Therefore, Australia’s dollar is largely influenced by the things they mine, like gold. If you pull up a chart of gold and a chart of the Aussie dollar, you’ll see a very nice correlation to each other.
So it all boils down to what really moves a currency.
It’s the reason why I’ve never invested or not invested in a currency based upon its deficits. Yes, deficits matter. Yes, I prefer surpluses over deficits. But when you look at a chart of a country’s deficits and the movement of its currency, there are no strong correlations there at all. Therefore, I don’t watch it to see what a currency will do.

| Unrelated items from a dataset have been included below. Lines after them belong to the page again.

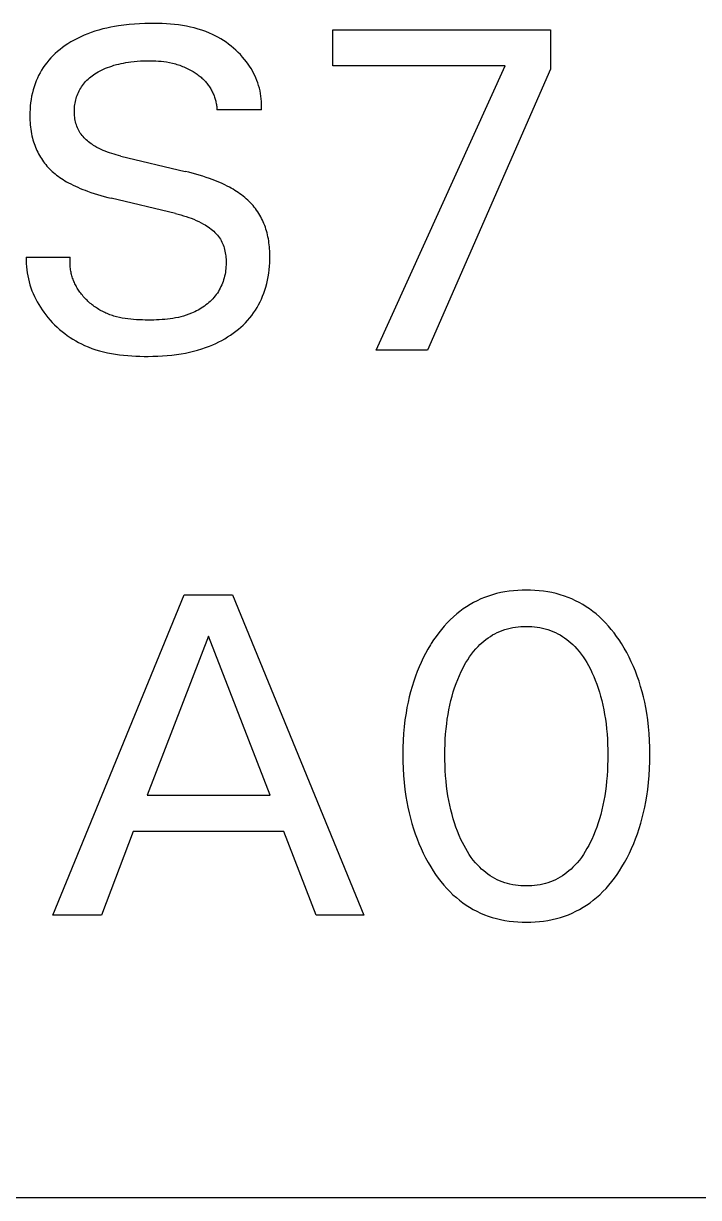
# Model space of a CAD drawing. Extents: x 10 to 952, y 6 to 232.
# Drawn here: x 693.624 to 696.242, y 118.911 to 123.466 of the extents above; entities that cross this region are included whole.
import ezdxf

# ---------------------------------------------------------------- set-up
doc = ezdxf.new("R2010")
doc.units = 0
doc.header["$LTSCALE"] = 5
doc.header["$MEASUREMENT"] = 0
doc.layers.get('0').update_dxf_attribs({"linetype": 'CONTINUOUS'})

msp = doc.modelspace()

# ---------------------------------------------------------------- linework, layer by layer
at = {"color": 7, "linetype": 'Continuous'}
for p, q in [((693.9163, 123.4406), (693.9013, 123.436)), ((693.9315, 123.4448), (693.9163, 123.4406)), ((693.9468, 123.4485), (693.9315, 123.4448)), ((693.9621, 123.4519), (693.9468, 123.4485)), ((693.9775, 123.4548), (693.9621, 123.4519)), ((693.993, 123.4574), (693.9775, 123.4548)), ((694.0132, 123.4601), (693.993, 123.4574)), ((694.0335, 123.4623), (694.0132, 123.4601)), ((694.0539, 123.464), (694.0335, 123.4623)), ((694.0743, 123.4651), (694.0539, 123.464)), ((694.0948, 123.4658), (694.0743, 123.4651)), ((694.1153, 123.4662), (694.0948, 123.4658)), ((694.131, 123.4662), (694.1153, 123.4662)), ((694.1467, 123.4659), (694.131, 123.4662)), ((694.1624, 123.4655), (694.1467, 123.4659)), ((694.1781, 123.4647), (694.1624, 123.4655)), ((694.1938, 123.4636), (694.1781, 123.4647)), ((694.2094, 123.4622), (694.1938, 123.4636)), ((694.225, 123.4604), (694.2094, 123.4622)), ((694.2405, 123.4581), (694.225, 123.4604)), ((694.2559, 123.4555), (694.2405, 123.4581)), ((694.2712, 123.4524), (694.2559, 123.4555)), ((694.2863, 123.4488), (694.2712, 123.4524)), ((694.3013, 123.4447), (694.2863, 123.4488)), ((694.3161, 123.44), (694.3013, 123.4447)), ((694.3308, 123.4348), (694.3161, 123.44)), ((694.8232, 123.3024), (694.8232, 123.4415)), ((694.8232, 123.4415), (695.6674, 123.4415)), ((695.6674, 123.4415), (695.6674, 123.2892)), ((693.8081, 123.3945), (693.7958, 123.3869)), ((693.8206, 123.4017), (693.8081, 123.3945)), ((693.8334, 123.4084), (693.8206, 123.4017)), ((693.8464, 123.4146), (693.8334, 123.4084)), ((693.8596, 123.4205), (693.8464, 123.4146)), ((693.8729, 123.4259), (693.8596, 123.4205)), ((693.8865, 123.4309), (693.8729, 123.4259)), ((693.9013, 123.436), (693.8865, 123.4309)), ((694.3452, 123.4289), (694.3308, 123.4348)), ((694.3564, 123.4239), (694.3452, 123.4289)), ((694.3673, 123.4185), (694.3564, 123.4239)), ((694.3782, 123.4127), (694.3673, 123.4185)), ((694.3888, 123.4065), (694.3782, 123.4127)), ((694.3992, 123.4), (694.3888, 123.4065)), ((694.4095, 123.3932), (694.3992, 123.4)), ((693.7473, 123.3498), (693.7385, 123.3413)), ((693.7565, 123.3579), (693.7473, 123.3498)), ((693.7659, 123.3656), (693.7565, 123.3579)), ((693.7756, 123.3731), (693.7659, 123.3656)), ((693.7856, 123.3802), (693.7756, 123.3731)), ((693.7958, 123.3869), (693.7856, 123.3802)), ((694.4195, 123.386), (694.4095, 123.3932)), ((694.4292, 123.3785), (694.4195, 123.386)), ((694.4387, 123.3706), (694.4292, 123.3785)), ((694.4479, 123.3624), (694.4387, 123.3706)), ((694.4567, 123.354), (694.4479, 123.3624)), ((694.4653, 123.3452), (694.4567, 123.354)), ((693.7071, 123.3047), (693.7004, 123.295)), ((693.7141, 123.3141), (693.7071, 123.3047)), ((693.7218, 123.3235), (693.7141, 123.3141)), ((693.73, 123.3326), (693.7218, 123.3235)), ((693.7385, 123.3413), (693.73, 123.3326)), ((693.9667, 123.3012), (693.9749, 123.3038)), ((693.9749, 123.3038), (693.9841, 123.3064)), ((693.9841, 123.3064), (693.9933, 123.3087)), ((693.9933, 123.3087), (694.0026, 123.3108)), ((694.0026, 123.3108), (694.012, 123.3128)), ((694.012, 123.3128), (694.0214, 123.3145)), ((694.0214, 123.3145), (694.0309, 123.316)), ((694.0309, 123.316), (694.0403, 123.3173)), ((694.0403, 123.3173), (694.0528, 123.3188)), ((694.0528, 123.3188), (694.0653, 123.3199)), ((694.0653, 123.3199), (694.0778, 123.3208)), ((694.0778, 123.3208), (694.0903, 123.3214)), ((694.0903, 123.3214), (694.1028, 123.3217)), ((694.1028, 123.3217), (694.1153, 123.3218)), ((694.1153, 123.3218), (694.126, 123.3216)), ((694.126, 123.3216), (694.1366, 123.3212)), ((694.1366, 123.3212), (694.1472, 123.3205)), ((694.1472, 123.3205), (694.1578, 123.3196)), ((694.1578, 123.3196), (694.1684, 123.3183)), ((694.1684, 123.3183), (694.1789, 123.3168)), ((694.1789, 123.3168), (694.1905, 123.3147)), ((694.1905, 123.3147), (694.202, 123.3121)), ((694.202, 123.3121), (694.2078, 123.3107)), ((694.2078, 123.3107), (694.2134, 123.3091)), ((694.2134, 123.3091), (694.2191, 123.3075)), ((694.2191, 123.3075), (694.2247, 123.3057)), ((694.2247, 123.3057), (694.2303, 123.3038)), ((694.2303, 123.3038), (694.2359, 123.3018)), ((694.4736, 123.3361), (694.4653, 123.3452)), ((694.4815, 123.3267), (694.4736, 123.3361)), ((694.489, 123.3171), (694.4815, 123.3267)), ((694.4951, 123.3087), (694.489, 123.3171)), ((694.5009, 123.3002), (694.4951, 123.3087)), ((693.6828, 123.2645), (693.6777, 123.2539)), ((693.6883, 123.2749), (693.6828, 123.2645)), ((693.6941, 123.2851), (693.6883, 123.2749)), ((693.7004, 123.295), (693.6941, 123.2851)), ((693.8794, 123.2548), (693.8847, 123.2592)), ((693.8847, 123.2592), (693.8901, 123.2633)), ((693.8901, 123.2633), (693.8956, 123.2672)), ((693.8956, 123.2672), (693.9013, 123.271)), ((693.9013, 123.271), (693.9071, 123.2746)), ((693.9071, 123.2746), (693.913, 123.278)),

So what moves the Aussie dollar?
1. The price of things they mine, such as gold
2. The direction of the U.S. stock market
3. The direction and level of the interest rate in Australia
There are other things that matter, but these are some of the top movers of the Aussie dollar.
You can pull up a chart of gold or U.S. stocks and see a tight correlation between these and the Aussie dollar. When people are willing to head into riskier assets like stocks or commodities, they’re also willing to go into a higher-yielding, offensive currency like the Aussie dollar.
Also, all things being equal, investors would rather invest in a high-yielding asset than a low-yielding one. Therefore when financial markets are stable or rising, money loves to pour into the Aussie dollar because it yields around 4.25 percent whereas the ailing U.S. buck yields under 0.25 percent.
So while wheat, soil, weather, etc. are all topics that matter in life…they don’t matter when it comes to what the Aussie dollar will do.
If gold is rising and stocks are stable to rising and the interest rate on the Aussie dollar is high relative to that of other major industrialized nations…then the Aussie dollar will head higher overall.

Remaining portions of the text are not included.